# Why so many snap shots...?



## EJBPhoto (Mar 10, 2007)

Do some of you feel like all you're seeing these days on here are P and S snap shots...?  I don't know if I'm in the wrong section of the site or what... but I can't seem to find the same level of quality that I found before the forums were reorganized.


----------



## The_Traveler (Mar 10, 2007)

I saw this post and just had to laugh because no one would ever talk about the elephant in the room.


----------



## Alex_B (Mar 10, 2007)

I think this is a problem more in the people and pets / portrait section?

But then again all I post in Landscape & Nature are snapshots in a way 

.. but I see what you mean and we had related discussions before ... it is the thing about just wanting to share a shot of an interesting subject (where the quality of the image is of subordinate importance), or the other extreme, to get hardcore crtitique on the way the subject is photographed.

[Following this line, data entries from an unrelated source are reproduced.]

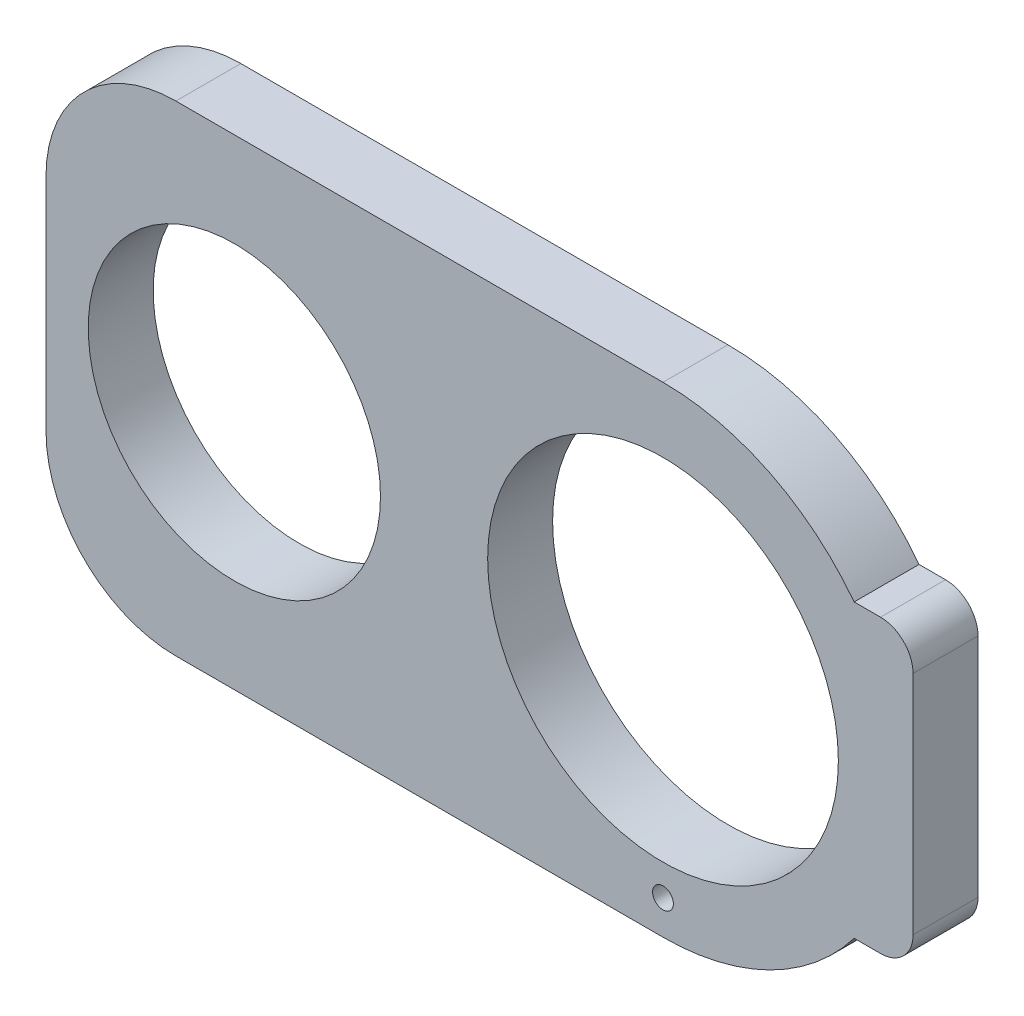
SolidWorks part; units mm, degrees
material "Сталь 08кп ГОСТ 535-88"
ref_plane "Спереди" through (0, 0, 0) normal (0, 0, 1) x (1, 0, 0)
ref_plane "Сверху" through (0, 0, 0) normal (0, 1, 0) x (1, 0, 0)
ref_plane "Справа" through (0, 0, 0) normal (1, 0, 0) x (0, 0, -1)
sketch "Sketch1" plane through (0, 0, 0) normal (0, 0, 1) x (1, 0, 0)
  line L0 (-86.593, -170.6459) -> (-114.093, -170.6459) construction
  line L8 (-48.093, -207.6459) -> (-123.093, -207.6459)
  line L10 (-48.093, -133.6459) -> (-123.093, -133.6459)
  line L11 (-143.093, -187.6459) -> (-143.093, -153.6459)
  line L13 (-18.6642, -193.0724) -> (-14.593, -193.0724)
  line L14 (-9.593, -188.0724) -> (-9.593, -153.2195)
  line L15 (-14.593, -148.2195) -> (-18.6642, -148.2195)
  line L17 (-48.093, -170.6459) -> (-143.093, -170.6459) construction
  arc A1 (-18.6642, -148.2195) -> (-48.093, -133.6459) centre (-48.093, -170.6459) ccw
  circle A2 centre (-48.093, -170.6459) radius 27
  circle A3 centre (-114.093, -170.6459) radius 22.5
  arc A6 (-123.093, -133.6459) -> (-143.093, -153.6459) centre (-123.093, -153.6459) ccw
  arc A7 (-123.093, -207.6459) -> (-143.093, -187.6459) centre (-123.093, -187.6459) cw
  arc A8 (-48.093, -207.6459) -> (-18.6642, -193.0724) centre (-48.093, -170.6459) ccw
  arc A15 (-14.593, -193.0724) -> (-9.593, -188.0724) centre (-14.593, -188.0724) ccw
  arc A16 (-9.593, -153.2195) -> (-14.593, -148.2195) centre (-14.593, -153.2195) ccw
  point P16 (-143.093, -133.6459)
  point P28 (-143.093, -133.6459)
  point P312 (-85.593, -170.6459)
  point P538 (-90.593, -165.1459)
  dimension "D1" = 27.5
  dimension "D2" = 45
  dimension "D6" = 74
  dimension "D3" = 20
extrude "Boss-Extrude1" add sketch "Sketch1" against normal blind 10
sketch "Sketch2" plane through (0, 0, 0) normal (0, 0, 1) x (1, 0, 0)
  circle A0 centre (-48.093, -202.3959) radius 1.6
  dimension "D1" = 3.2
extrude "Cut-Extrude1" cut sketch "Sketch2" against normal through all

Both are valid approaches and both should be allowed on the forum. The trouble is just how to spearate the two to minimise frustration for both sides


----------



## Alex_B (Mar 10, 2007)

I mean the word "pets" .. just calls for snapshots of our loved ones, doesn't it?


----------



## EJBPhoto (Mar 10, 2007)

I mean I don't have much interest in the other portrait section of here because although I take my photography quite seriously and feel like I am more involved in it than most of the people posting in this forum- I am not interested in wedding photography. And that's a lot of what's in the other forum.  I used to TAKE a lot from this forum, and now I feel like I'm not learning anything- just CCing stuff that looks like no one took the time to think about the composition or learn about photography.  Maybe I'm being cruel, but I think if you join this forum, you need to be serious about the art and I don't get that sense all the time here.


----------



## JenR (Mar 10, 2007)

Maybe some of it is that the people here have _vastly_ different levels of experience. What you see as a snapshot might really be a beginner's good faith effort to improve. 

For one, I am an absolute beginner with no artistic background. I *am *learning about composition and photography; but it is a slow process. When I post a photo here, it is so that I can get advice and learn how to improve. Is it a snapshot? Probably. Is it better than one I took a few weeks ago? I hope so. 

One day I would like to take really stunning photos, but in the meantime, my shots might bore you to tears. It is all a work in progress.

~jen


----------



## DeepSpring (Mar 10, 2007)

I definately know what you mean. I don't see any ways to seperate the two tho


----------



## brighteyesphotos (Mar 10, 2007)

JenR said:


> Maybe some of it is that the people here have _vastly_ different levels of experience. What you see as a snapshot might really be a beginner's good faith effort to improve.


 
BINGO! 

What you are seeing as a snapshot or poorly set up could be a beginner's attempt at learning more. I post some crap shots because I am looking for tips on how to improve. If someone can point out a problem and suggest a different approach, then my next picture could be better (in theory). In the meantime, I'm sure some of my stuff look like snapshots. And sometimes, snapshots are the best art. Art is subjective. 3 people can look at a picture and see three different things and have three different opinions of it. 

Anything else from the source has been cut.